Finaly, now that we have defined where our features are stored, and the processing we want. Now we can define which features our model will use.

First we need to import the feature views that we want to use. We then define that we want the loan_status to be the label for our credit_scoring model, and that it is a classification task.

from aligned import model_contract
from examples.credit_scoring.credit_history import CreditHistory
from examples.credit_scoring.zipcode import Zipcode
from examples.credit_scoring.loan import Loan

credit = CreditHistory()
zipcode = Zipcode()
loan = Loan()

@model_contract(
    name="credit_scoring",
    description="A model that do credit scoring",
    features=[
        credit.credit_card_due,
        credit.mortgage_due,
        credit.student_loan_due,
        credit.vehicle_loan_due,
        credit.hard_pulls,
        credit.missed_payments_1y,
        credit.missed_payments_2y,
        credit.missed_payments_6m,
        credit.bankruptcies,

        zipcode.city,
        zipcode.state,
        zipcode.is_primary_location,
        zipcode.tax_returns_filed,
        zipcode.total_wages,

        loan.person_age,
        loan.person_income,
        loan.person_emp_length,
        loan.person_home_ownership_ordinal,
        loan.loan_amount,
        loan.loan_int_rate,
        loan.loan_intent_ordinal
    ]
)
class CreditScoring:

    was_granted_loan = loan.loan_status.as_classification_target()

Training a model

To train a model can we easily load a training data set with the following few lines.
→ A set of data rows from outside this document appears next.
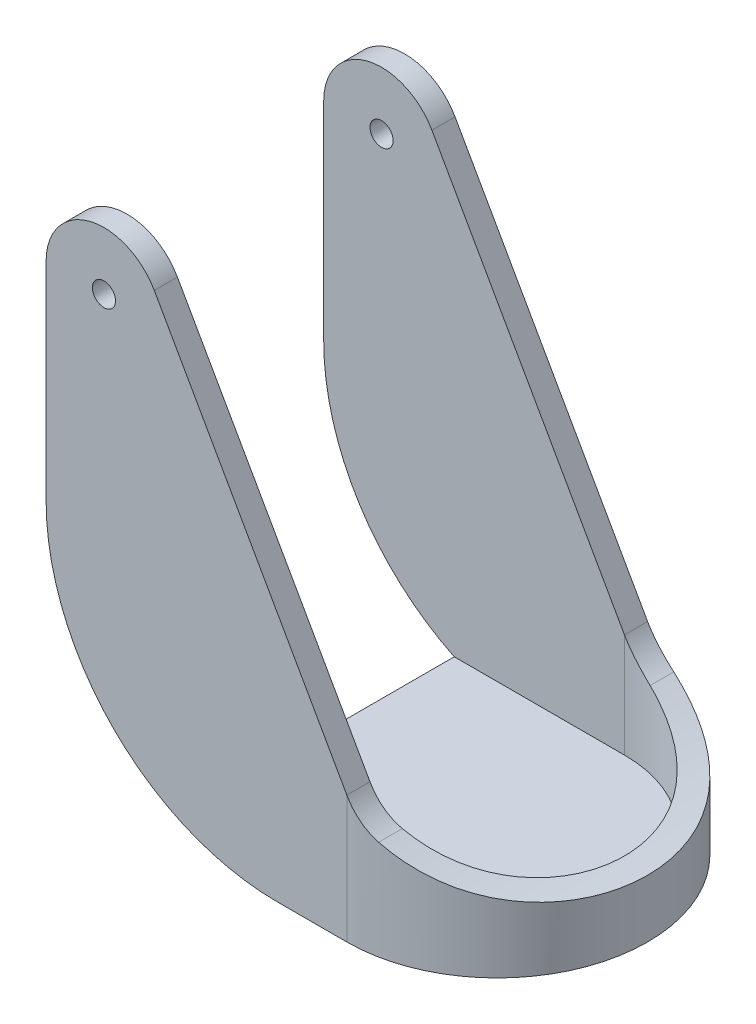
from build123d import *

# Parameters (mm, degrees)
SKETCH_1_R          = 2.15
EXTRUDE_1_DEPTH     = 1
EXTRUDE_2_DEPTH     = 12
SKETCH_8_R          = 1
EXTRUDE_4_DEPTH     = 2
CUT_EXTRUDE_1_DEPTH = 9
CUT_EXTRUDE_2_DEPTH = 20
SKETCH_12_R         = 3
CUT_EXTRUDE_3_DEPTH = 1
FILLET_1_R          = 20
SKETCH_13_W         = 60
SKETCH_13_H         = 50
CUT_EXTRUDE_4_DEPTH = 1


with BuildPart() as part:
    # 草图1 → 凸台-拉伸1 (new body)
    with BuildSketch(Plane(origin=(0, 0, 0), x_dir=(1, 0, 0), z_dir=(0, 1, 0))):
        with BuildLine():
            Line((-24, -22.5), (24, -22.5))
            ThreePointArc((24, -22.5), (26.828427125, -21.328427125), (28, -18.5))
            Line((28, -18.5), (28, 18.5))
            ThreePointArc((28, 18.5), (26.828427125, 21.328427125), (24, 22.5))
            Line((24, 22.5), (-24, 22.5))
            ThreePointArc((-24, 22.5), (-26.828427125, 21.328427125), (-28, 18.5))
            Line((-28, 18.5), (-28, -18.5))
            ThreePointArc((-28, -18.5), (-26.828427125, -21.328427125), (-24, -22.5))
        make_face()
        with Locations(Location((-23, 17.5, 0), (0, 0, 270))):
            Circle(SKETCH_1_R, mode=Mode.SUBTRACT)
        with Locations(Location((-23, -17.5, 0), (0, 0, 270))):
            Circle(SKETCH_1_R, mode=Mode.SUBTRACT)
        with Locations(Location((23, -17.5, 0), (0, 0, 270))):
            Circle(SKETCH_1_R, mode=Mode.SUBTRACT)
        with Locations(Location((23, 17.5, 0), (0, 0, 270))):
            Circle(SKETCH_1_R, mode=Mode.SUBTRACT)
    extrude(amount=EXTRUDE_1_DEPTH)

    # 草图3 → 凸台-拉伸2 (add)
    with BuildSketch(Plane(origin=(0, 1, 0), x_dir=(1, 0, 0), z_dir=(0, 1, 0))):
        with BuildLine():
            Line((-26, -13), (-26, 13))
            Line((-26, 13), (0, 13))
            ThreePointArc((0, 13), (13, 0), (0, -13))
            Line((0, -13), (-26, -13))
        make_face()
    extrude(amount=EXTRUDE_2_DEPTH)

    # 草图8 → 凸台-拉伸4 (add)
    with BuildSketch(Plane.XY.offset(13)):
        with BuildLine():
            Line((-26, 13), (-26, 40))
            ThreePointArc((-26, 40), (-22.271726092, 44.835567469), (-16.646914902, 42.459806928))
            Line((-16.646914902, 42.459806928), (0, 13))
            Line((0, 13), (-26, 13))
        make_face()
        with Locations((-21, 40)):
            Circle(SKETCH_8_R, mode=Mode.SUBTRACT)
    extrude_4 = extrude(amount=-EXTRUDE_4_DEPTH)

    # 镜向1: 凸台-拉伸4 across plane
    add(extrude_4.mirror(Plane.XY))

    # 草图9 → 切除-拉伸1 (cut)
    with BuildSketch(Plane(origin=(0, 13, 0), x_dir=(1, 0, 0), z_dir=(0, 1, 0))):
        with BuildLine():
            Line((-26, 11), (-26, -11))
            Line((-26, -11), (0, -11))
            ThreePointArc((0, -11), (11, 0), (0, 11))
            Line((0, 11), (-26, 11))
        make_face()
    extrude(amount=-CUT_EXTRUDE_1_DEPTH, mode=Mode.SUBTRACT)

    # 草图11 → 切除-拉伸2 (cut, symmetric)
    with BuildSketch(Plane.XY):
        with BuildLine():
            Line((0, 13), (13, 13))
            Line((13, 13), (13, 7))
            ThreePointArc((13, 7), (7.628297221, 8.43537945), (2.507532378, 10.601775609))
            ThreePointArc((2.507532378, 10.601775609), (1.076623467, 11.615671145), (0, 13))
        make_face()
    extrude(amount=CUT_EXTRUDE_2_DEPTH, both=True, mode=Mode.SUBTRACT)

    # 草图12 → 切除-拉伸3 (cut)
    with BuildSketch(Plane(origin=(0, 1, 0), x_dir=(1, 0, 0), z_dir=(0, 1, 0))):
        with BuildLine():
            Line((-26, -13), (0, -13))
            ThreePointArc((0, -13), (13, 0), (0, 13))
            Line((0, 13), (-26, 13))
            Line((-26, 13), (-26, -13))
        make_face()
        with Locations(Location((0, 0, 0), (0, 0, 270))):
            Circle(SKETCH_12_R, mode=Mode.SUBTRACT)
    extrude(amount=CUT_EXTRUDE_3_DEPTH, mode=Mode.SUBTRACT)

    # 圆角1
    # the kernel refuses this fillet: 20 mm, written as the material it takes off along each edge
    with BuildSketch(Plane(origin=(-26, 2, -63), x_dir=(1, 0, 0), z_dir=(0, 0, 1))) as fillet_1_piece_1:
        with BuildLine():
            CenterArc((FILLET_1_R, FILLET_1_R), FILLET_1_R, 180, 90)
            Line((0, FILLET_1_R), (0, 0))
            Line((0, 0), (FILLET_1_R, 0))
        make_face()
    extrude(amount=126, mode=Mode.SUBTRACT)

    # 草图13 → 切除-拉伸4 (cut)
    with BuildSketch(Plane.XZ):
        Rectangle(SKETCH_13_W, SKETCH_13_H)
    extrude(amount=-CUT_EXTRUDE_4_DEPTH, mode=Mode.SUBTRACT)


solid = part.part

store = await FileSource.json_at("features.json").feature_store()

entities = FileSource.csv_at("training_entities.parquet")
training_data = await store.model("credit_scoring")\
    .with_targets()\
    .features_for(entities)\
    .to_pandas()

Now that we have some data. We train a model with ease. No need to define which features to use your self, it is handled for you.

from sklearn.tree imoprt DecisionTreeClassifier

classifier = DecisionTreeClassifier()

classifier.fit(training_data.input, training_data.target)

Serving a model

Furthermore, we can do something similar for serving our model. However, rather then using our bach source can we change to an online store.

This can be done with the following code.

from aligned import RedisConfig

online_store = store.with_source(
    RedisConfig(env_key="REDIS_URL)
)

entities = {
    "zipcode": [...], 
    "dob_ssn": [...], 
    "loan_id": [...]
}

online_job = online_store.model("credit_scoring")\
    .features_for(entities)

feature_columns = online_job.request_result.feature_columns
features = await online_job.to_pandas()

y = classifier.predict(
    features[feature_columns]
)